*Work to be completed:* Pictures do not belong in the output. Reproduce exactly the lines from the start of the records through the line with "#5=PRODUCT_RELATED_PRODUCT_CATEGORY('part','',(#4));".

---------- Supplied records

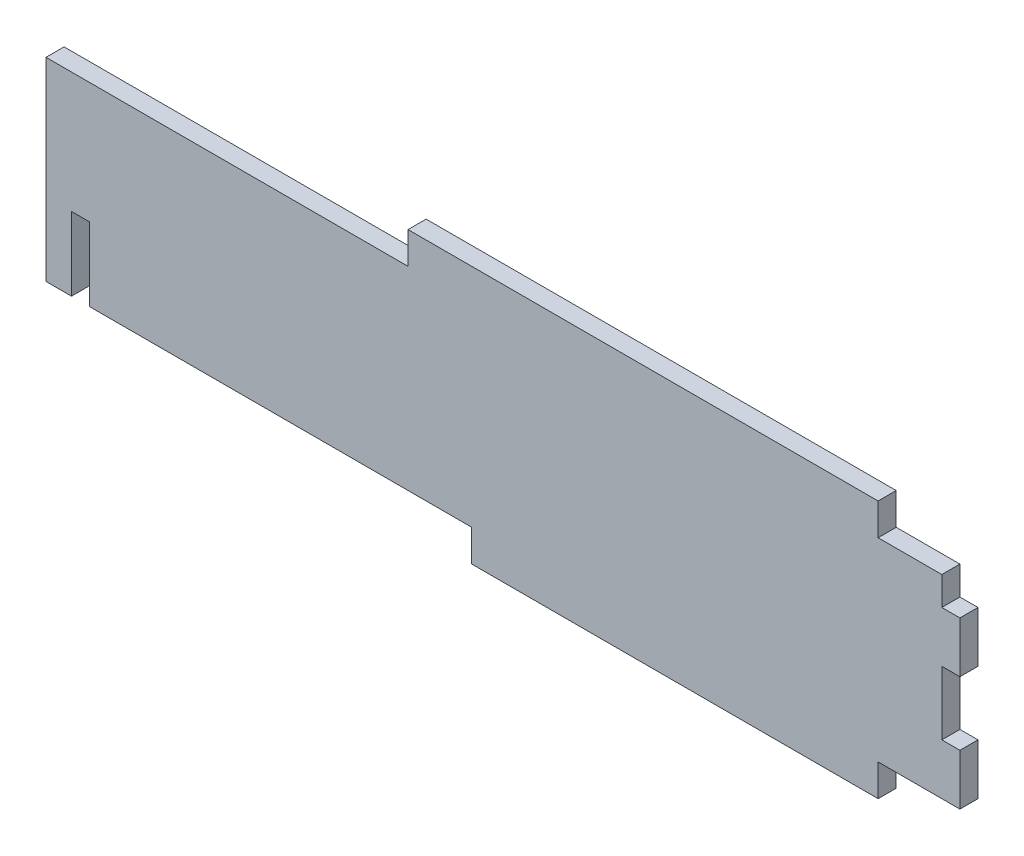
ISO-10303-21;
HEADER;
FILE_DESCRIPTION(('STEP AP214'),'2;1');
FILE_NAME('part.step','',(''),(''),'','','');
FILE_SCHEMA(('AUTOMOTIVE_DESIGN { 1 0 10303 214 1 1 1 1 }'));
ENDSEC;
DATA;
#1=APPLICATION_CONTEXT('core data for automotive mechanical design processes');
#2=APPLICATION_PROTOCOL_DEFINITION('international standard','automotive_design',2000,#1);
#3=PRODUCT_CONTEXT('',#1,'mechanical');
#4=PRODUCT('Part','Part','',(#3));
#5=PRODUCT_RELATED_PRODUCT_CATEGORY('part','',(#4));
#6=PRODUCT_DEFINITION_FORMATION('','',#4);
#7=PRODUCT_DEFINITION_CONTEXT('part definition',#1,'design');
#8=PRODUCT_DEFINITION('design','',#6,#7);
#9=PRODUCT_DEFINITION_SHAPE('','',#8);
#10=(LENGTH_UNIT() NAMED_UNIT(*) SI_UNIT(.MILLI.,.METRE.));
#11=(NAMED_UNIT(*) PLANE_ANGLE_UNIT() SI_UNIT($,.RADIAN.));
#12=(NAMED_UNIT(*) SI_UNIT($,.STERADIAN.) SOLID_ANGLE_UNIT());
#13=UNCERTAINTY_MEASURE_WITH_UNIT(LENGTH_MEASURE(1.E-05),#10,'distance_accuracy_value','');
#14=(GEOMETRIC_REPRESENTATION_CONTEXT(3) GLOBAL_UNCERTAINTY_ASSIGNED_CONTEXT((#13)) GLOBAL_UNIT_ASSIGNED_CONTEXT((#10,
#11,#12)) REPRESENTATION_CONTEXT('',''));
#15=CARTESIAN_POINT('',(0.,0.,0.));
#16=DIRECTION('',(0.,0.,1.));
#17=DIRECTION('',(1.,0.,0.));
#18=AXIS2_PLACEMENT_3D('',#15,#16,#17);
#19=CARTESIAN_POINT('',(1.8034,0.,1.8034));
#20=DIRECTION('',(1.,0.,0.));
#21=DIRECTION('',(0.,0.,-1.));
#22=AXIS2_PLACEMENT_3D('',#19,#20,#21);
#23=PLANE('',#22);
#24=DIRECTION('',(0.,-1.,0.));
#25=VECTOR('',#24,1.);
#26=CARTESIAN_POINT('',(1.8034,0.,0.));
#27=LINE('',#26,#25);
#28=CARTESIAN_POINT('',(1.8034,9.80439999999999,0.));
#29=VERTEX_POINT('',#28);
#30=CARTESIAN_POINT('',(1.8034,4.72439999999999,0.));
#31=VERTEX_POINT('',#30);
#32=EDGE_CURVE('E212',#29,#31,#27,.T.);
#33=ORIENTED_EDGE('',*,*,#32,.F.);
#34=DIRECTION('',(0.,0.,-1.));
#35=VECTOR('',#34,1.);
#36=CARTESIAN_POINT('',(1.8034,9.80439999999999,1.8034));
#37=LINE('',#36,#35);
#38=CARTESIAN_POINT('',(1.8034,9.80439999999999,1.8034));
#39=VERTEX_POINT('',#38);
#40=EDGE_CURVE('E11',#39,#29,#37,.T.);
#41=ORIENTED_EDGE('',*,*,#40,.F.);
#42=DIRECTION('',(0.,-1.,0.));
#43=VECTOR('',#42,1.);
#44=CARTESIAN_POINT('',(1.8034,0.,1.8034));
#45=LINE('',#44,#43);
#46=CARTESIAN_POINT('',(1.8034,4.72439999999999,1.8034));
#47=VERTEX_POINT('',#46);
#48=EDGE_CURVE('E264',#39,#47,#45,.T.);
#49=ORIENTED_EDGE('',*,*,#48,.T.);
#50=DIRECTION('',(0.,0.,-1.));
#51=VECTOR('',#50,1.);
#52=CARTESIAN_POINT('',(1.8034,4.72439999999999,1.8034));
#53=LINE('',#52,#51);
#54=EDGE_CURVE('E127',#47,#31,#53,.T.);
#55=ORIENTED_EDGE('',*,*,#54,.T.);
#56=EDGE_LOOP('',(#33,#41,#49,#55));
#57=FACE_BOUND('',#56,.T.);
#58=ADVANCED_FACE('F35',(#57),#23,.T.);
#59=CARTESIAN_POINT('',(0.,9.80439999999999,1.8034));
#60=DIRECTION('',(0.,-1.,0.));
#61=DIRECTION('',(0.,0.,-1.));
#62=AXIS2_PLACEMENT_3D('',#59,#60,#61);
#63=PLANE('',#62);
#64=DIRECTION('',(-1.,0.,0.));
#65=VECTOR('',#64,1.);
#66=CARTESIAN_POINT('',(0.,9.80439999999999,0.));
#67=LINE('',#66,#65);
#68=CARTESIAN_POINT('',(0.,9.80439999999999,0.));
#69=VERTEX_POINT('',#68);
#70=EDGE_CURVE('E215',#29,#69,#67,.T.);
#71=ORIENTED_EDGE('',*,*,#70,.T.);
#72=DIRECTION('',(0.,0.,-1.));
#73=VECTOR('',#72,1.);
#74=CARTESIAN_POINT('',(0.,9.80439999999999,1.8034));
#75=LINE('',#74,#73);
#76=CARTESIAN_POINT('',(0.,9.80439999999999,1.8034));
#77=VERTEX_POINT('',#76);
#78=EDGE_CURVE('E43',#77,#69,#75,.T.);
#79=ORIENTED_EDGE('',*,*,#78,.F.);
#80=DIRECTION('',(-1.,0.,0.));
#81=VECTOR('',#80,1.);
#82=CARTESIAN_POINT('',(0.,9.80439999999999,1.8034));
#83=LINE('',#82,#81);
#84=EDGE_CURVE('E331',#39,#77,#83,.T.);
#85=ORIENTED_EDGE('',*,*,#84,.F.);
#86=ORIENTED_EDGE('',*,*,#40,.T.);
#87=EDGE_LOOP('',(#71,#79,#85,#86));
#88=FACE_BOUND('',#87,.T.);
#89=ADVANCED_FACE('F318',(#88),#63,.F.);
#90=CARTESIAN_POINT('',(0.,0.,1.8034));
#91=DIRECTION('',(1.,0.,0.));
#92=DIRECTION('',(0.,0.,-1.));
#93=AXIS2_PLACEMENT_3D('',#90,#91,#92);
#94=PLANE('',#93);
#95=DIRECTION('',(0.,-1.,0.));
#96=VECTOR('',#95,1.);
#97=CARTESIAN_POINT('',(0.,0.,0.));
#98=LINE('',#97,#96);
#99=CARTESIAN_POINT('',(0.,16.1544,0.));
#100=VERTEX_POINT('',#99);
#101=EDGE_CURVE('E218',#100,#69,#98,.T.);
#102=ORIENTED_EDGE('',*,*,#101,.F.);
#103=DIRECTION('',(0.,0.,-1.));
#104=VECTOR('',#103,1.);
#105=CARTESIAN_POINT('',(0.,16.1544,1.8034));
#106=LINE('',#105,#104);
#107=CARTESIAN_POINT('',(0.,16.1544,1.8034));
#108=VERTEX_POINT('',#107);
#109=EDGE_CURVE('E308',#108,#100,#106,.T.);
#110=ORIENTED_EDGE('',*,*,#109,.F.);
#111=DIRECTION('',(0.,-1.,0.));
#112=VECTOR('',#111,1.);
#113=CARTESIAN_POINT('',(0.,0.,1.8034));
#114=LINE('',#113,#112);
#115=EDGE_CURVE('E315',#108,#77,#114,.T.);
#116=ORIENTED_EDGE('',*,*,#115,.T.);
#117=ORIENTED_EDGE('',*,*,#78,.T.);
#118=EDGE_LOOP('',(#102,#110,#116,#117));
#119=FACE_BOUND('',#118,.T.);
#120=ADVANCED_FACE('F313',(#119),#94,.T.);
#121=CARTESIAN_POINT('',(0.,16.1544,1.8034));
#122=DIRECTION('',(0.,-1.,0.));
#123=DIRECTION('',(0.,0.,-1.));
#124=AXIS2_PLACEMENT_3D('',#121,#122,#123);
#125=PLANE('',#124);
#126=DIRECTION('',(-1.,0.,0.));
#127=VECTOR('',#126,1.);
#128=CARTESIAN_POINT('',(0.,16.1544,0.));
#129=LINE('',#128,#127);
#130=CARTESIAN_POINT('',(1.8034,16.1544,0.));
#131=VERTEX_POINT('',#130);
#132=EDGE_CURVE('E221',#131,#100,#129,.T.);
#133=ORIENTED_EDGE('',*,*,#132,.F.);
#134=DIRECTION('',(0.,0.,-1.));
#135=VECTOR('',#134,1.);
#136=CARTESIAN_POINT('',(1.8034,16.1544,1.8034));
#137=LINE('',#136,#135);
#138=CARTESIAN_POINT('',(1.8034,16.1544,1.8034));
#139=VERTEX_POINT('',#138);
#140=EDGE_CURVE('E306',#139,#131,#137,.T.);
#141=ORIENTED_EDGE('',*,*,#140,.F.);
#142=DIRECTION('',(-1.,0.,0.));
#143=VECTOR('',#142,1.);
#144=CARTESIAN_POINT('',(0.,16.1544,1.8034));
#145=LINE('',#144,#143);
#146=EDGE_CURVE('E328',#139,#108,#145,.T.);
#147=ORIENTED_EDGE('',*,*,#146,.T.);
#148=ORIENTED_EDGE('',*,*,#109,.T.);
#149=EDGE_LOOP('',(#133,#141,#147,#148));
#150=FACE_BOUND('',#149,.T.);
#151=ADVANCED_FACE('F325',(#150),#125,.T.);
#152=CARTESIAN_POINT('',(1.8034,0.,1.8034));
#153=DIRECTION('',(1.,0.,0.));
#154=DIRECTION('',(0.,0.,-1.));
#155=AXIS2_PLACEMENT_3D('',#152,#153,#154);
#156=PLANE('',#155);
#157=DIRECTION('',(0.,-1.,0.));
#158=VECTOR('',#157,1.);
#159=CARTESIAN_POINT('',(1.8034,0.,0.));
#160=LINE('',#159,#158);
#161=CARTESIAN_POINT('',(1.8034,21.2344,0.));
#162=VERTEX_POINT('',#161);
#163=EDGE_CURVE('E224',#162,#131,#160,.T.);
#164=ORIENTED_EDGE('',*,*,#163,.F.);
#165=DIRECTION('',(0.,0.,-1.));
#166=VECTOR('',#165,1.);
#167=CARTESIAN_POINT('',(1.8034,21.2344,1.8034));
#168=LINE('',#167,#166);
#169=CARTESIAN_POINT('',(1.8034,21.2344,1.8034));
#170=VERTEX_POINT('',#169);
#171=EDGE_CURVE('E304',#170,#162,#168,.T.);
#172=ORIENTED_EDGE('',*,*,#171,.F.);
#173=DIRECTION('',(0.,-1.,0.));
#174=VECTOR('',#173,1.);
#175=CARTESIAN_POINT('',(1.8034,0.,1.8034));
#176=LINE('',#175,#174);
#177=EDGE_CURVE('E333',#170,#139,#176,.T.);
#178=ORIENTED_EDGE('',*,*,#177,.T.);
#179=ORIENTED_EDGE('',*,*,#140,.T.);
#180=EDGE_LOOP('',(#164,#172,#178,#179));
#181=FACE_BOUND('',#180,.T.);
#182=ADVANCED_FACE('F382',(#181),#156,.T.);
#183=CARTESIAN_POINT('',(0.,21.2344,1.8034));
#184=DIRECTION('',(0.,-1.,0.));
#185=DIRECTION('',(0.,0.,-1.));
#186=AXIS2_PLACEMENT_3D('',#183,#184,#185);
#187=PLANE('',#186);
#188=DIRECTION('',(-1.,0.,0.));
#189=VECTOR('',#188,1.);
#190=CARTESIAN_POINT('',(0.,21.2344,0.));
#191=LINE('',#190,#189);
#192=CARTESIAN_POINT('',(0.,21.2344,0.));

--------------------

*Completed exercise:*
ISO-10303-21;
HEADER;
FILE_DESCRIPTION(('STEP AP214'),'2;1');
FILE_NAME('part.step','',(''),(''),'','','');
FILE_SCHEMA(('AUTOMOTIVE_DESIGN { 1 0 10303 214 1 1 1 1 }'));
ENDSEC;
DATA;
#1=APPLICATION_CONTEXT('core data for automotive mechanical design processes');
#2=APPLICATION_PROTOCOL_DEFINITION('international standard','automotive_design',2000,#1);
#3=PRODUCT_CONTEXT('',#1,'mechanical');
#4=PRODUCT('Part','Part','',(#3));
#5=PRODUCT_RELATED_PRODUCT_CATEGORY('part','',(#4));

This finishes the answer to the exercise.